=== Section Start ===

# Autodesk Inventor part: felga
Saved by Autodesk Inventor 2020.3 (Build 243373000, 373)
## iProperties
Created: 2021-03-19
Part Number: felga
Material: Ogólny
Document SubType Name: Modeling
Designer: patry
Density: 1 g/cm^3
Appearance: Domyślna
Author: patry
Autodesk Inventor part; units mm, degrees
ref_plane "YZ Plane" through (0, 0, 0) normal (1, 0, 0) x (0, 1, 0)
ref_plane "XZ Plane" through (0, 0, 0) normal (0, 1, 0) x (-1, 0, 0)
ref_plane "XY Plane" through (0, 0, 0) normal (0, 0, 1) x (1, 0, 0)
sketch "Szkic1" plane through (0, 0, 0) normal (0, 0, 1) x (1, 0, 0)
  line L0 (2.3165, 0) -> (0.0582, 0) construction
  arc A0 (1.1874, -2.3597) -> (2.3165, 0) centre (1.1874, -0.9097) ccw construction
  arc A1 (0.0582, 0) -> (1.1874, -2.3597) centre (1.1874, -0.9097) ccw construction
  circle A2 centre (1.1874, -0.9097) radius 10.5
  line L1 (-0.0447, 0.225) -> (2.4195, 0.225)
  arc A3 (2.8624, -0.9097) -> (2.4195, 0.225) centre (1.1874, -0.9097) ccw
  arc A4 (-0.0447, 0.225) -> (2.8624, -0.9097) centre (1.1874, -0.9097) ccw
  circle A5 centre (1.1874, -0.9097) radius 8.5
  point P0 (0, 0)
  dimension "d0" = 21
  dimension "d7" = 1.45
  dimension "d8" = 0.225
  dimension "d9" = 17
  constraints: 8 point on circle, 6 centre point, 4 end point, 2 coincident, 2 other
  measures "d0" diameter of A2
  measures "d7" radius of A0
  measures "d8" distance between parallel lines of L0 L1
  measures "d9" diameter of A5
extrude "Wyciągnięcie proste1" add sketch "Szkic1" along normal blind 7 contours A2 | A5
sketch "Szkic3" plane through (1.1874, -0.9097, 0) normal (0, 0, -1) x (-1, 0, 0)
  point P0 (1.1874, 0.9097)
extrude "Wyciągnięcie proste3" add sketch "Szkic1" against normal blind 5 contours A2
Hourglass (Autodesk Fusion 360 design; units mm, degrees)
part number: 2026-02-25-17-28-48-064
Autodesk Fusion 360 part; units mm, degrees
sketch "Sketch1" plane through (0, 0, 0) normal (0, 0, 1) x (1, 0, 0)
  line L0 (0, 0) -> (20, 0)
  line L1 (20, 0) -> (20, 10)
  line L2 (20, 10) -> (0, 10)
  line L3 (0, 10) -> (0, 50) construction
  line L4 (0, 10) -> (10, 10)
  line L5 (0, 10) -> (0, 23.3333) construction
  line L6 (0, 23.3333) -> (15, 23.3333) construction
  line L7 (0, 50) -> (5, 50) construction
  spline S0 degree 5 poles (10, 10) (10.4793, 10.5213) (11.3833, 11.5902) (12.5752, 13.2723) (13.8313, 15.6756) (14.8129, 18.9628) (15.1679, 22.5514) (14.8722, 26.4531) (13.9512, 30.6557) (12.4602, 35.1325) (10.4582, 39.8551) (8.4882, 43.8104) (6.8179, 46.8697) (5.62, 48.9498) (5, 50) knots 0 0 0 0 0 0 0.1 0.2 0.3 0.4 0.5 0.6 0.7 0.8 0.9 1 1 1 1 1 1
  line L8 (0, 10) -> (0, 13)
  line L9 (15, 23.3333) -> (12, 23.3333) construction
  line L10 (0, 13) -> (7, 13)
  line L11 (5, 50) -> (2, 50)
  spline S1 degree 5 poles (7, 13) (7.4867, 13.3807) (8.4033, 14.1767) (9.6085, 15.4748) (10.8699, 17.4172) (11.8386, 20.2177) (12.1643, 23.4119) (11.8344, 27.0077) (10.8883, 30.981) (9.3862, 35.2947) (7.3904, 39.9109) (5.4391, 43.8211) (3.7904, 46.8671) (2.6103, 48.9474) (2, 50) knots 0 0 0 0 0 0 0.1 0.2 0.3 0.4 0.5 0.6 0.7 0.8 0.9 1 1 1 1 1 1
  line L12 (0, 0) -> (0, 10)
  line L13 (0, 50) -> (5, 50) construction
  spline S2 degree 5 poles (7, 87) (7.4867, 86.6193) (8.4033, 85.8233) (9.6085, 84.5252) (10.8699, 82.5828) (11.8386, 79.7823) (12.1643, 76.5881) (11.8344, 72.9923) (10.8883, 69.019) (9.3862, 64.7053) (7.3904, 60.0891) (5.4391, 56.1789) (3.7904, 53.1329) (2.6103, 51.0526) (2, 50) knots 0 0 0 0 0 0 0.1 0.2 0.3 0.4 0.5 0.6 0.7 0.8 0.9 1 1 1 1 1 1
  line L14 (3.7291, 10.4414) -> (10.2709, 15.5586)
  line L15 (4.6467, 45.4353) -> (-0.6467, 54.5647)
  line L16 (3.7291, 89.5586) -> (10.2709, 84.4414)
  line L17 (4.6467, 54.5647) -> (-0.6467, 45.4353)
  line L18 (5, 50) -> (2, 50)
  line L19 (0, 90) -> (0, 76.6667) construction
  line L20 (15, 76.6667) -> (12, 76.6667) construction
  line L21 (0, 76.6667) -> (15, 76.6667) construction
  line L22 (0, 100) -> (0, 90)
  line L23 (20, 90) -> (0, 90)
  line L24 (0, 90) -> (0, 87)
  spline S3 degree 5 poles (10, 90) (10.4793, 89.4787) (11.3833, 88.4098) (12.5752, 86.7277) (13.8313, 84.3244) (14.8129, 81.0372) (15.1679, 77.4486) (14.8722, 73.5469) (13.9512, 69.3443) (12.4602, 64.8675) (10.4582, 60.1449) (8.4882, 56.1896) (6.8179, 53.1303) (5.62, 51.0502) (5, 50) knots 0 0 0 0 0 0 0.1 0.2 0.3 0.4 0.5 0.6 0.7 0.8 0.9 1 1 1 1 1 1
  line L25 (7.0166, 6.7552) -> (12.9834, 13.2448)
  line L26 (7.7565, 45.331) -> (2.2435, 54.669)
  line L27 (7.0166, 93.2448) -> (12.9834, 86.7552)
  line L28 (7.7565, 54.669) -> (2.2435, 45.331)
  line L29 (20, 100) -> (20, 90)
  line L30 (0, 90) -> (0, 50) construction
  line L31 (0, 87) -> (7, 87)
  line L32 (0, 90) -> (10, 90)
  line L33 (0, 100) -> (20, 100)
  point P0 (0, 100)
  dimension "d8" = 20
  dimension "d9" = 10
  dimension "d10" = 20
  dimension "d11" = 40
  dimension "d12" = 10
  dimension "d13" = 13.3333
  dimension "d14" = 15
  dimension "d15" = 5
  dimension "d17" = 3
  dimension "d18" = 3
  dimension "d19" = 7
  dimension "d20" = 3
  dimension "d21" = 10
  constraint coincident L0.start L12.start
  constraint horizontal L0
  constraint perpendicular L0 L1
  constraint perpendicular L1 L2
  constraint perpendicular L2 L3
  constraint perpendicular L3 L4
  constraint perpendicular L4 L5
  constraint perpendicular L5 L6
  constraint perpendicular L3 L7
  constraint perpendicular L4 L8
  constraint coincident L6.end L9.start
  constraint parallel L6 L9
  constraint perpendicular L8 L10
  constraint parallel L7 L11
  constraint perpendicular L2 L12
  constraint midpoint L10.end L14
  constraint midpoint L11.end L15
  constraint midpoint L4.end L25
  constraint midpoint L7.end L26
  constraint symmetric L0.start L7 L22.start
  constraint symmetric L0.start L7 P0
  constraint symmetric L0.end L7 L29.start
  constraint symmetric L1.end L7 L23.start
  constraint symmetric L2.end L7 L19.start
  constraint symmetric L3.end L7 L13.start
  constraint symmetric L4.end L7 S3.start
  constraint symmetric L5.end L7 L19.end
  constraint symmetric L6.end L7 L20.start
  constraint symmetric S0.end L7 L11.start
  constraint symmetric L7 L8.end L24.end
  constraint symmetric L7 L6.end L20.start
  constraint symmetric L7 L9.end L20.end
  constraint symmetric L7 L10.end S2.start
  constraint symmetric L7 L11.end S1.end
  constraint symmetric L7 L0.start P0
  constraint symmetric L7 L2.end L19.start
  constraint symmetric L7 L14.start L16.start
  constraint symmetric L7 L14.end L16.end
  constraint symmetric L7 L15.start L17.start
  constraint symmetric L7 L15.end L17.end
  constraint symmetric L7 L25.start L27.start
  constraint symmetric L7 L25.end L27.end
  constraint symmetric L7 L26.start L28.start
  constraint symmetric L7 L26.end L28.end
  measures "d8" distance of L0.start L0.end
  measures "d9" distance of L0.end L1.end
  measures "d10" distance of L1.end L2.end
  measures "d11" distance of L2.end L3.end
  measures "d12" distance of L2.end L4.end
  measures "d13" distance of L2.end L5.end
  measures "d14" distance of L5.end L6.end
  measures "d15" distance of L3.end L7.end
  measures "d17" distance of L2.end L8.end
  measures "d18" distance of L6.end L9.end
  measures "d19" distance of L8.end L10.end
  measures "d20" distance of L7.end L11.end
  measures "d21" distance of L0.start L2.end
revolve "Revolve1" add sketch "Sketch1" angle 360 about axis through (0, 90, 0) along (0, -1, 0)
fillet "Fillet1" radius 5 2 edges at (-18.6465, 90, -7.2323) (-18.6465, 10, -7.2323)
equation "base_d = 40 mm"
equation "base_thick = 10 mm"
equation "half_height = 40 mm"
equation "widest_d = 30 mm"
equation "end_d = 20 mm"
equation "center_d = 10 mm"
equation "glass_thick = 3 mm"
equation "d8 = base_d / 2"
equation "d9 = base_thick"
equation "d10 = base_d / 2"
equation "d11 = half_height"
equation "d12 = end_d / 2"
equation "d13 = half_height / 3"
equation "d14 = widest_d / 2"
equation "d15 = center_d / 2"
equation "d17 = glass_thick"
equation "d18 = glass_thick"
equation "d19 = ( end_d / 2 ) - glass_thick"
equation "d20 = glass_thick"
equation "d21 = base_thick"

=== Section End ===

Among the records above, only the lines between the line holding "line L14 (3.7291, 10.4414)" and the line holding "line L24 (0, 90) -> (0, 87)", inclusive, are to be output, exactly as written.

◆ **EXERCISE ANSWER**:
  line L14 (3.7291, 10.4414) -> (10.2709, 15.5586)
  line L15 (4.6467, 45.4353) -> (-0.6467, 54.5647)
  line L16 (3.7291, 89.5586) -> (10.2709, 84.4414)
  line L17 (4.6467, 54.5647) -> (-0.6467, 45.4353)
  line L18 (5, 50) -> (2, 50)
  line L19 (0, 90) -> (0, 76.6667) construction
  line L20 (15, 76.6667) -> (12, 76.6667) construction
  line L21 (0, 76.6667) -> (15, 76.6667) construction
  line L22 (0, 100) -> (0, 90)
  line L23 (20, 90) -> (0, 90)
  line L24 (0, 90) -> (0, 87)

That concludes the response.